• Kino
  • Mapa
  • Ogłoszenia
  • Forum
  • Komunikacja
  • Raport

Podatek za śmieci w Gdańsku: 66 gr za m kw.

Katarzyna Moritz
28 lutego 2013 (artykuł sprzed 11 lat) 
aktualizacja: godz. 12:50 (28 lutego 2013)
Protestujący mieszkańcy wywiesili na galerii nad salą obrad Rady Miasta worki na śmieci. Protestujący mieszkańcy wywiesili na galerii nad salą obrad Rady Miasta worki na śmieci.

25 radnych było "za", ośmiu "przeciwko" przyjęciu uchwały ustalającej stawkę podatku śmieciowego w Gdańsku na 66 gr za metr kwadratowy zajmowanego mieszkania. W Trójmieście już tylko Sopot nie ustalił stawek tego podatku.



Radnych Gdańska przywitało przed sesją kilkunastu mieszkańców, którzy przyszli zaprotestować przeciwko uchwałom śmieciowym, a szczególnie przeciwko uzależnieniu opłaty za wywóz śmieci od wielkości zamieszkiwanego mieszkania. Przed wejściem na salę obrad wywiązała się awantura. Ochrona zagroziła, że wezwie policję. Mieszkańcy krzyczeli: "To granda i złodziejstwo! Odwołać radnych PO!"

Sesja ruszyła z prawie godzinnym opóźnieniem. Protestujący mieszkańcy, którzy dostali się na balkon, na znak protestu wywiesili na nim worki na śmieci.

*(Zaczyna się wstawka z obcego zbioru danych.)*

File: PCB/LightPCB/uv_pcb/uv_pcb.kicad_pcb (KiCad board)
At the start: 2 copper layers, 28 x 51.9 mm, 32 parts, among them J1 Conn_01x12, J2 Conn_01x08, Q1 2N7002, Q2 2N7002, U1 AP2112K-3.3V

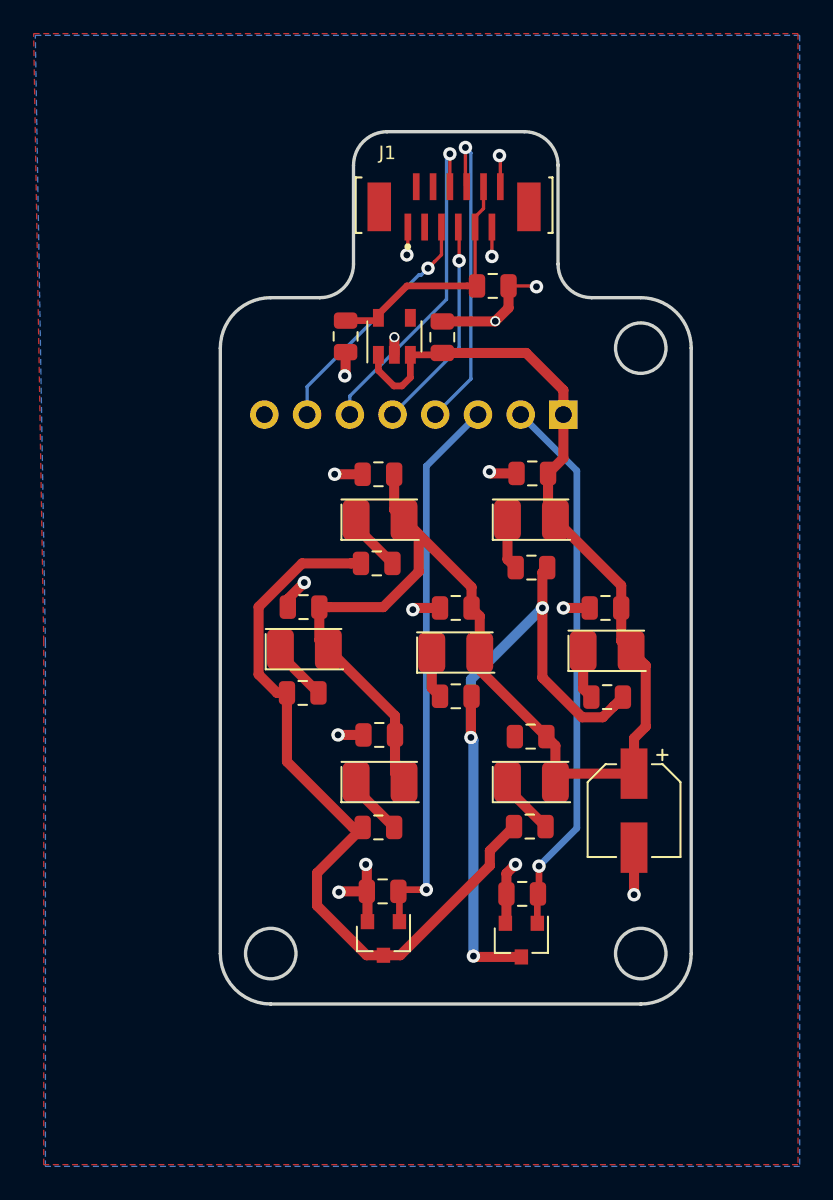
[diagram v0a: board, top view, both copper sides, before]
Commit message: added reset to PCB
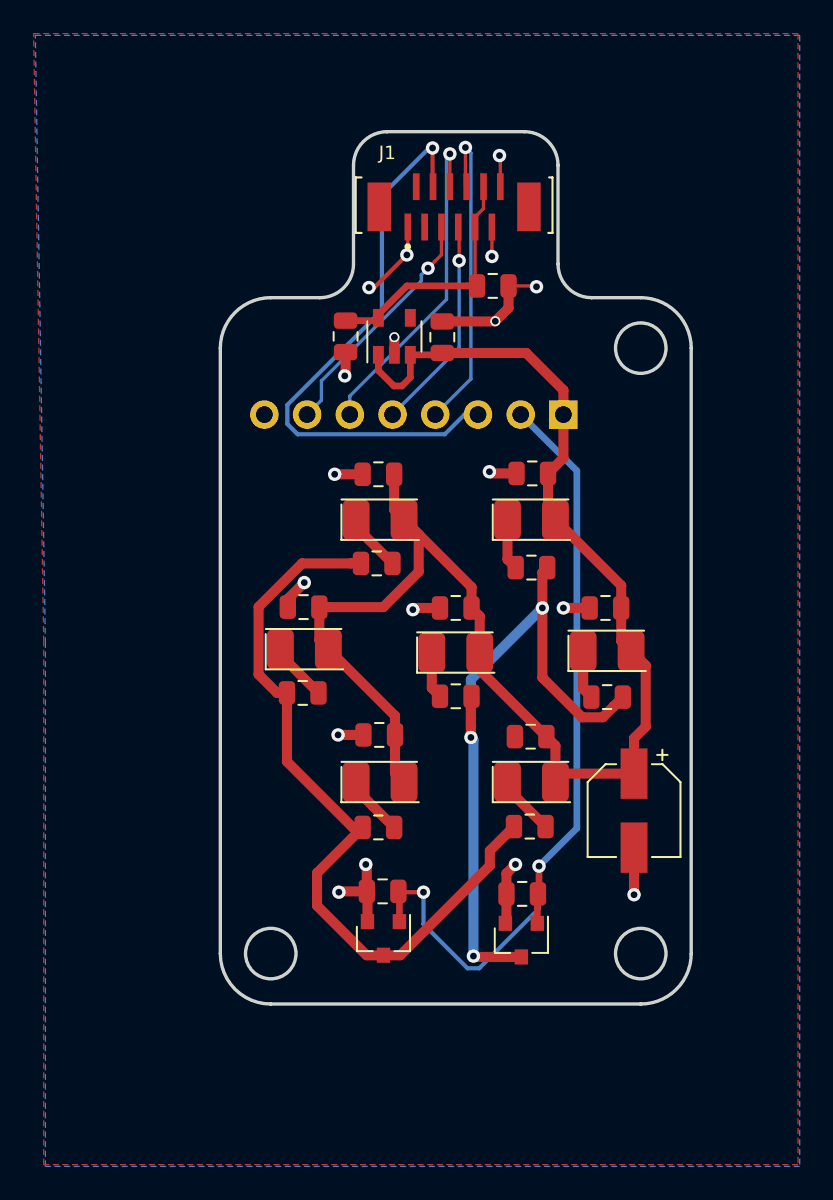
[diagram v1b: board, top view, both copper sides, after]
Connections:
- J1 pad 4: Net-(J1-Pad4) -> RST
- J2 pad 3: SW2 -> RST
- Q2 pad 1: SW2 -> SW1
- R9 pad 2: SW2 -> SW1
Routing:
- net RST: track 0.00 -> 34.5 mm, vias 0 -> 1
- net SW2: track 33.1 -> 0.00 mm, vias 1 -> 0
- net SW1: track 32.6 -> 49.8 mm, vias 1 -> 2
- net GND: track 36.6 -> 39.7 mm, vias 17 -> 18
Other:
- board text added: "RST"
- board text added: "UV"
- board text removed: "SW1"
- board text removed: "SW2"
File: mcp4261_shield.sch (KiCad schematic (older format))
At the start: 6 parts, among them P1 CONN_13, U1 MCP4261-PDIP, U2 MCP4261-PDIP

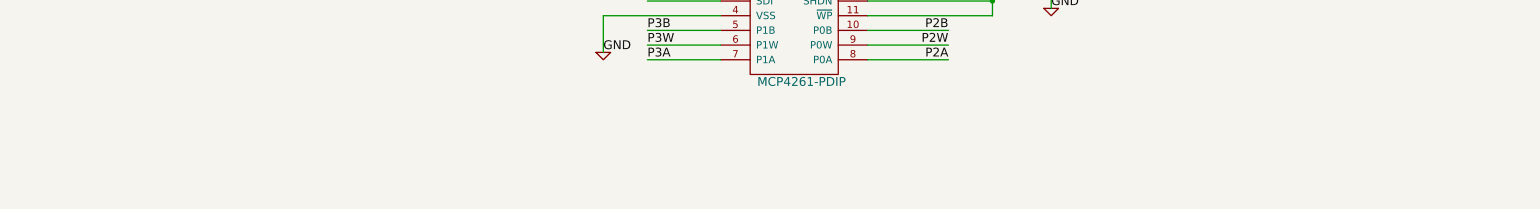
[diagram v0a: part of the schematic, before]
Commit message: Added svg and pdf of schematic.
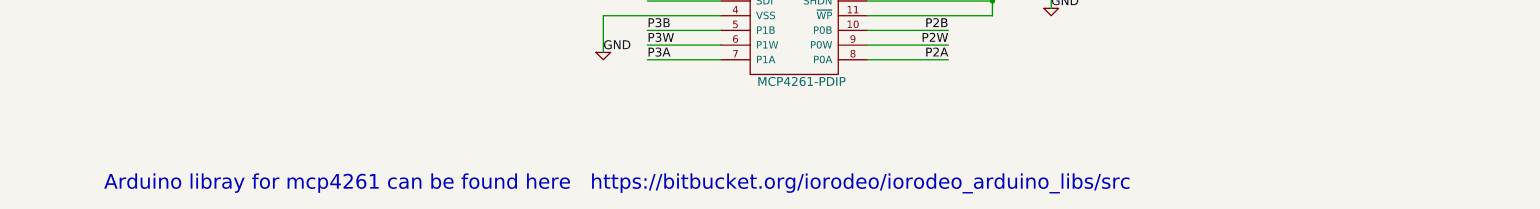
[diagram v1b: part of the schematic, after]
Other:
- note added: "Arduino libray for mcp4261 can be found here https://bitbucket.org/iorodeo/iorodeo_arduino_libs/src \n"
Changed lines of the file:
@@
-EESchema Schematic File Version 2  date Mon 24 Sep 2012 01:02:05 PM PDT
+EESchema Schematic File Version 2
 LIBS:power
 LIBS:device
@@
 LIBS:arduino
 LIBS:mcp4261_shield-cache
-EELAYER 25  0
+EELAYER 24 0
 EELAYER END
-$Descr A4 11700 8267
+$Descr A4 11693 8268
 encoding utf-8
 Sheet 1 1
@@
 F 0 "#PWR6" H 8950 2850 30  0001 C CNN
 F 1 "GND" H 8950 2780 30  0001 C CNN
+F 2 "" H 8950 2850 60  0001 C CNN
+F 3 "" H 8950 2850 60  0001 C CNN
 	1    8950 2850
 	1    0    0    -1
@@
 F 0 "P1" V 9810 2000 60  0000 C CNN
 F 1 "CONN_13" V 9920 2000 60  0000 C CNN
+F 2 "" H 9850 2000 60  0001 C CNN
+F 3 "" H 9850 2000 60  0001 C CNN
 	1    9850 2000
 	1    0    0    -1
@@
 F 0 "U2" H 6100 3900 60  0000 C CNN
 F 1 "MCP4261-PDIP" H 6350 3000 60  0000 C CNN
+F 2 "" H 6300 3450 60  0001 C CNN
+F 3 "" H 6300 3450 60  0001 C CNN
 	1    6300 3450
 	1    0    0    -1
@@
 F 0 "#PWR3" H 5000 3700 30  0001 C CNN
 F 1 "GND" H 5000 3630 30  0001 C CNN
+F 2 "" H 5000 3700 60  0001 C CNN
+F 3 "" H 5000 3700 60  0001 C CNN
 	1    5000 3700
 	1    0    0    -1
@@
 F 0 "C2" H 8100 3100 50  0000 L CNN
 F 1 "0.1uF" H 8100 2900 50  0000 L CNN
+F 2 "" H 8050 3000 60  0001 C CNN
+F 3 "" H 8050 3000 60  0001 C CNN
 	1    8050 3000
 	1    0    0    -1
@@
 F 0 "#PWR5" H 8050 3400 30  0001 C CNN
 F 1 "GND" H 8050 3330 30  0001 C CNN
+F 2 "" H 8050 3400 60  0001 C CNN
+F 3 "" H 8050 3400 60  0001 C CNN
 	1    8050 3400
 	1    0    0    -1
@@
 F 0 "#PWR4" H 8000 1750 30  0001 C CNN
 F 1 "GND" H 8000 1680 30  0001 C CNN
+F 2 "" H 8000 1750 60  0001 C CNN
+F 3 "" H 8000 1750 60  0001 C CNN
 	1    8000 1750
 	1    0    0    -1
@@
 F 0 "C1" H 8050 1450 50  0000 L CNN
 F 1 "0.1uF" H 8050 1250 50  0000 L CNN
+F 2 "" H 8000 1350 60  0001 C CNN
+F 3 "" H 8000 1350 60  0001 C CNN
 	1    8000 1350
 	1    0    0    -1
@@
 F 0 "#PWR2" H 4950 2050 30  0001 C CNN
 F 1 "GND" H 4950 1980 30  0001 C CNN
+F 2 "" H 4950 2050 60  0001 C CNN
+F 3 "" H 4950 2050 60  0001 C CNN
 	1    4950 2050
 	1    0    0    -1
@@
 F 0 "#FLG2" H 1550 1970 30  0001 C CNN
 F 1 "PWR_FLAG" H 1550 1930 30  0000 C CNN
+F 2 "" H 1550 1700 60  0001 C CNN
+F 3 "" H 1550 1700 60  0001 C CNN
 	1    1550 1700
 	1    0    0    -1
@@
 F 0 "#FLG1" H 1000 1970 30  0001 C CNN
 F 1 "PWR_FLAG" H 1000 1930 30  0000 C CNN
+F 2 "" H 1000 1700 60  0001 C CNN
+F 3 "" H 1000 1700 60  0001 C CNN
 	1    1000 1700
 	1    0    0    -1
@@
 F 0 "#PWR1" H 1000 2150 30  0001 C CNN
 F 1 "GND" H 1000 2080 30  0001 C CNN
+F 2 "" H 1000 2150 60  0001 C CNN
+F 3 "" H 1000 2150 60  0001 C CNN
 	1    1000 2150
 	1    0    0    -1
@@
 F 0 "U1" H 6050 2250 60  0000 C CNN
 F 1 "MCP4261-PDIP" H 6300 1350 60  0000 C CNN
+F 2 "" H 6250 1800 60  0001 C CNN
+F 3 "" H 6250 1800 60  0001 C CNN
 	1    6250 1800
 	1    0    0    -1
@@
 F 0 "SHIELD1" H 2550 3050 60  0000 C CNN
 F 1 "ARDUINO_SHIELD" H 2950 1150 60  0000 C CNN
+F 2 "" H 2900 2100 60  0001 C CNN
+F 3 "" H 2900 2100 60  0001 C CNN
 	1    2900 2100
 	1    0    0    -1
 $EndComp
+Text Notes 1600 4650 0    100  ~ 0
+Arduino libray for mcp4261 can be found here   https://bitbucket.org/iorodeo/iorodeo_arduino_libs/src   \n
 $EndSCHEMATC

- Żadne ugrupowanie rządzące nie może się ustrzec od podejmowania trudnych decyzji. Opozycja będzie na tym żerować, możecie być państwo pewni, że będą was straszyć - skierował swoje wystąpienie klubowe do mieszkańców Maciej Krupa, przewodniczący klubu PO.

Grzegorz Strzelczyk, przewodniczący PiS, tuż po nim ripostował: - Opozycja nie będzie nikogo straszyć, przygotowaliśmy własny projekt uchwały. Nasza też zakłada podwyżkę, ale racjonalną.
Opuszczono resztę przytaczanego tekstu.